### Exercise aim
Once you find the line with "spline S1 degree" in the entries below, return exactly every line from it through the line with "spline S4 degree".

### Input material
------------------------------------
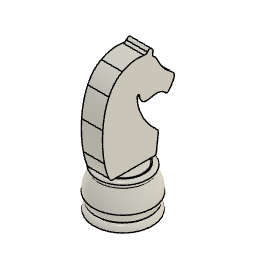
Knight (Autodesk Fusion 360 design; units mm, degrees)
Autodesk Fusion 360 part; units mm, degrees
sketch "Knight" plane through (0, 0, 0) normal (1, 0, 0) x (0, 1, 0)
  spline S0 degree 3 poles (14.2382, 40.3861) (12.0362, 41.9597) (10.374, 43.9521) (9.2277, 46.3988) knots 0 0 0 0 1 1 1 1
  spline S1 degree 3 poles (9.2277, 46.3988) (8.9049, 47.0874) (8.5729, 47.8295) (7.965, 48.2978) knots 0 0 0 0 1 1 1 1
  spline S2 degree 3 poles (7.965, 48.2978) (7.322, 48.7926) (6.9635, 49.21) (7.2909, 50.0977) knots 0 0 0 0 1 1 1 1
  spline S3 degree 3 poles (7.2909, 50.0977) (7.5575, 50.8193) (7.0766, 51.5377) (6.5098, 51.8929) knots 0 0 0 0 1 1 1 1
  spline S4 degree 3 poles (6.5098, 51.8929) (6.0189, 52.2004) (5.6055, 51.6131) (5.2649, 51.2248) knots 0 0 0 0 1 1 1 1
  spline S5 degree 3 poles (5.2649, 51.2248) (4.9137, 50.8259) (4.5287, 50.7565) (3.9698, 50.8517) knots 0 0 0 0 1 1 1 1
  spline S6 degree 3 poles (3.9698, 50.8517) (1.1063, 51.3405) (-1.6216, 50.8722) (-4.19, 49.5063) knots 0 0 0 0 1 1 1 1
  spline S7 degree 3 poles (-4.19, 49.5063) (-6.5984, 48.2257) (-8.1905, 46.2387) (-9.3084, 43.7854) knots 0 0 0 0 1 1 1 1
  spline S8 degree 3 poles (-9.3084, 43.7854) (-10.7411, 40.6434) (-11.4078, 37.3236) (-11.6307, 33.9177) knots 0 0 0 0 1 1 1 1
  spline S9 degree 3 poles (-11.6307, 33.9177) (-11.8748, 30.1792) (-11.7194, 26.4399) (-10.9898, 22.7563) knots 0 0 0 0 1 1 1 1
  spline S10 degree 3 poles (-10.9898, 22.7563) (-10.5982, 20.7798) (-10.1094, 18.8252) (-9.2118, 16.9824) knots 0 0 0 0 1 1 1 1
  spline S11 degree 3 poles (-9.2118, 16.9824) (-8.9036, 16.3467) (-8.5345, 16.0279) (-7.9848, 15.9194) knots 0 0 0 0 1 1 1 1
  line L0 (-7.9848, 15.9194) -> (7.9848, 15.9194)
  spline S12 degree 3 poles (7.9848, 15.9194) (8.4134, 16.0087) (8.5894, 16.2912) (8.6456, 16.8151) knots 0 0 0 0 1 1 1 1
  spline S13 degree 3 poles (8.6456, 16.8151) (8.8645, 18.8087) (9.1013, 20.7997) (9.3599, 22.7874) knots 0 0 0 0 1 1 1 1
  spline S14 degree 3 poles (9.3599, 22.7874) (9.4354, 23.3642) (9.264, 23.7505) (8.8347, 24.1526) knots 0 0 0 0 1 1 1 1
  spline S15 degree 3 poles (8.8347, 24.1526) (6.8755, 25.9809) (5.0611, 27.9362) (3.7779, 30.3254) knots 0 0 0 0 1 1 1 1
  spline S16 degree 3 poles (3.7779, 30.3254) (2.4874, 32.7311) (1.4793, 35.2208) (1.3887, 37.9983) knots 0 0 0 0 1 1 1 1
  spline S17 degree 3 poles (1.3887, 37.9983) (1.3742, 38.4243) (1.4688, 38.9918) (1.8332, 39.0242) knots 0 0 0 0 1 1 1 1
  spline S18 degree 3 poles (1.8332, 39.0242) (2.3214, 39.0678) (2.2076, 38.4659) (2.2751, 38.1147) knots 0 0 0 0 1 1 1 1
  spline S19 degree 3 poles (2.2751, 38.1147) (2.7103, 35.832) (3.9916, 35.1031) (6.2868, 35.656) knots 0 0 0 0 1 1 1 1
  spline S20 degree 3 poles (6.2868, 35.656) (8.2791, 36.1356) (10.2853, 36.4577) (11.9641, 34.6791) knots 0 0 0 0 1 1 1 1
  spline S21 degree 3 poles (11.9641, 34.6791) (12.1851, 34.4449) (12.914, 33.802) (13.5, 34.7611) knots 0 0 0 0 1 1 1 1
  spline S22 degree 3 poles (13.5, 34.7611) (13.9842, 35.5509) (14.6093, 36.2633) (15.0068, 37.1232) knots 0 0 0 0 1 1 1 1
  spline S23 degree 3 poles (15.0068, 37.1232) (15.6855, 38.5903) (15.5314, 39.4614) (14.2382, 40.3861) knots 0 0 0 0 1 1 1 1
  line L1 (-9.0666, 13.7263) -> (9.0666, 13.7263)
  spline S24 degree 3 poles (9.0666, 13.7263) (9.5051, 14.0021) (9.8597, 14.3719) (9.6268, 15.0432) knots 0 0 0 0 1 1 1 1
  spline S25 degree 3 poles (9.6268, 15.0432) (9.3398, 15.8694) (8.6274, 15.9131) (7.9084, 15.9117) knots 0 0 0 0 1 1 1 1
  spline S26 degree 3 poles (7.9084, 15.9117) (7.7682, 15.9117) (7.6299, 15.9064) (7.4897, 15.9078) knots 0 0 0 0 1 1 1 1
  spline S27 degree 3 poles (7.4897, 15.9078) (4.0157, 15.9117) (0.5404, 15.9223) (-2.9342, 15.9203) knots 0 0 0 0 1 1 1 1
  spline S28 degree 3 poles (-2.9342, 15.9203) (-4.7446, 15.9197) (-6.5551, 15.8932) (-8.3655, 15.8886) knots 0 0 0 0 1 1 1 1
  spline S29 degree 3 poles (-8.3655, 15.8886) (-9.1837, 15.8879) (-9.779, 15.5235) (-9.7836, 14.696) knots 0 0 0 0 1 1 1 1
  spline S30 degree 3 poles (-9.7836, 14.696) (-9.7863, 14.1403) (-9.4853, 13.8572) (-9.0666, 13.7263) knots 0 0 0 0 1 1 1 1
  line L2 (5.9758, 2.6224) -> (0, 2.6224)
  spline S31 degree 3 poles (10.1774, 0.0003) (10.5042, 0.001) (10.8839, -0.1015) (11.0042, 0.4012) knots 0 0 0 0 1 1 1 1
  spline S32 degree 3 poles (11.0042, 0.4012) (11.2509, 1.4258) (10.3401, 2.6177) (9.2877, 2.6158) knots 0 0 0 0 1 1 1 1
  line L3 (8.8867, 13.7263) -> (-8.8867, 13.7263)
  spline S33 degree 3 poles (-8.8867, 13.7263) (-9.3246, 13.5212) (-9.6474, 13.0919) (-9.9642, 12.5826) knots 0 0 0 0 1 1 1 1
  spline S34 degree 3 poles (-9.9642, 12.5826) (-10.3082, 12.0296) (-10.5734, 11.4515) (-10.8644, 10.8807) knots 0 0 0 0 1 1 1 1
  spline S35 degree 3 poles (-10.8644, 10.8807) (-12.108, 8.4578) (-11.977, 6.0381) (-10.8883, 3.5947) knots 0 0 0 0 1 1 1 1
  spline S36 degree 3 poles (-10.8883, 3.5947) (-10.6726, 3.1085) (-10.416, 2.7573) (-10.0363, 2.6224) knots 0 0 0 0 1 1 1 1
  line L4 (-10.0363, 2.6224) -> (-9.23, 2.6224)
  spline S37 degree 3 poles (-9.23, 2.6224) (-9.2267, 2.6224) (-9.2234, 2.6237) (-9.2221, 2.6244) knots 0 0 0 0 1 1 1 1
  spline S38 degree 3 poles (-9.2221, 2.6244) (-9.2214, 2.625) (-9.2214, 2.627) (-9.2214, 2.6283) knots 0 0 0 0 1 1 1 1
  spline S39 degree 3 poles (-9.2214, 2.6283) (-9.2181, 2.627) (-9.2161, 2.625) (-9.2141, 2.6244) knots 0 0 0 0 1 1 1 1
  spline S40 degree 3 poles (-9.2141, 2.6244) (-7.9018, 2.6244) (-6.5894, 2.6244) (-5.2771, 2.6244) knots 0 0 0 0 1 1 1 1
  spline S41 degree 2 poles (-5.2771, 2.6244) (-5.2771, 2.6237) (-5.2771, 2.6224) knots 0 0 0 1 1 1
  line L5 (-5.2771, 2.6224) -> (9.5118, 2.6224)
  spline S42 degree 3 poles (9.5118, 2.6224) (9.816, 2.7136) (10.037, 2.918) (10.2003, 3.2468) knots 0 0 0 0 1 1 1 1
  spline S43 degree 3 poles (10.2003, 3.2468) (10.6839, 4.2138) (11.0854, 5.1935) (11.1694, 6.31) knots 0 0 0 0 1 1 1 1
  spline S44 degree 3 poles (11.1694, 6.31) (11.3758, 9.0815) (10.3452, 11.431) (8.8867, 13.7263) knots 0 0 0 0 1 1 1 1
  line L6 (-9.2227, 2.6244) -> (-9.2227, 2.6224)
  line L7 (-9.2227, 2.6224) -> (-9.2115, 2.6224)
  line L8 (-9.2115, 2.6224) -> (-9.2154, 2.6244)
  line L9 (-9.2154, 2.6244) -> (-9.2221, 2.6244)
  line L10 (-9.2221, 2.6244) -> (-9.2227, 2.6244)
  line L11 (5.9758, 2.6224) -> (9.2877, 2.6158)
  spline S45 degree 3 poles (0, 0) (3.3925, -0.001) (6.785, -0.0011) (10.1774, 0.0003) knots 0.452185 0.452185 0.452185 0.452185 1 1 1 1
  spline S46 degree 3 poles (0, 0) (-3.3925, -0.001) (-6.785, -0.0011) (-10.1774, 0.0003) knots 0.452185 0.452185 0.452185 0.452185 1 1 1 1
  line L12 (-5.9758, 2.6224) -> (0, 2.6224)
  spline S47 degree 3 poles (-11.0042, 0.4012) (-11.2509, 1.4258) (-10.3401, 2.6177) (-9.2877, 2.6158) knots 0 0 0 0 1 1 1 1
  line L13 (-5.9758, 2.6224) -> (-9.2877, 2.6158)
  spline S48 degree 3 poles (-10.1774, 0.0003) (-10.5042, 0.001) (-10.8839, -0.1015) (-11.0042, 0.4012) knots 0 0 0 0 1 1 1 1
  line L14 (0, 0) -> (0, 50.9092)
  constraint coincident S45.start S46.start
  constraint coincident S6 L14.end
  constraint vertical L14
revolve "Revolve1" add sketch "Knight" angle 360 about axis through (0, 0, 0) along (0, 0, 1) contours L1 S24 S25 S26 S27 L3 L14 | L1 L2 L3 L5 S42 S43 S44 L14 | L2 S31 S32 L5 L11 S45 L14
extrude "Extrude1" add sketch "Knight" along normal mid plane 8 contours S0 S1 S2 S3 S4 S5 S6 L0 S12 S13 S14 S15 S16 S17 S18 S19 S20 S21 S22 S23 L14 | S6 S7 S8 S9 S10 S11 L0 S27 L14
named bodies: "knight"
------------------------------------
### Solution
  spline S1 degree 3 poles (9.2277, 46.3988) (8.9049, 47.0874) (8.5729, 47.8295) (7.965, 48.2978) knots 0 0 0 0 1 1 1 1
  spline S2 degree 3 poles (7.965, 48.2978) (7.322, 48.7926) (6.9635, 49.21) (7.2909, 50.0977) knots 0 0 0 0 1 1 1 1
  spline S3 degree 3 poles (7.2909, 50.0977) (7.5575, 50.8193) (7.0766, 51.5377) (6.5098, 51.8929) knots 0 0 0 0 1 1 1 1
  spline S4 degree 3 poles (6.5098, 51.8929) (6.0189, 52.2004) (5.6055, 51.6131) (5.2649, 51.2248) knots 0 0 0 0 1 1 1 1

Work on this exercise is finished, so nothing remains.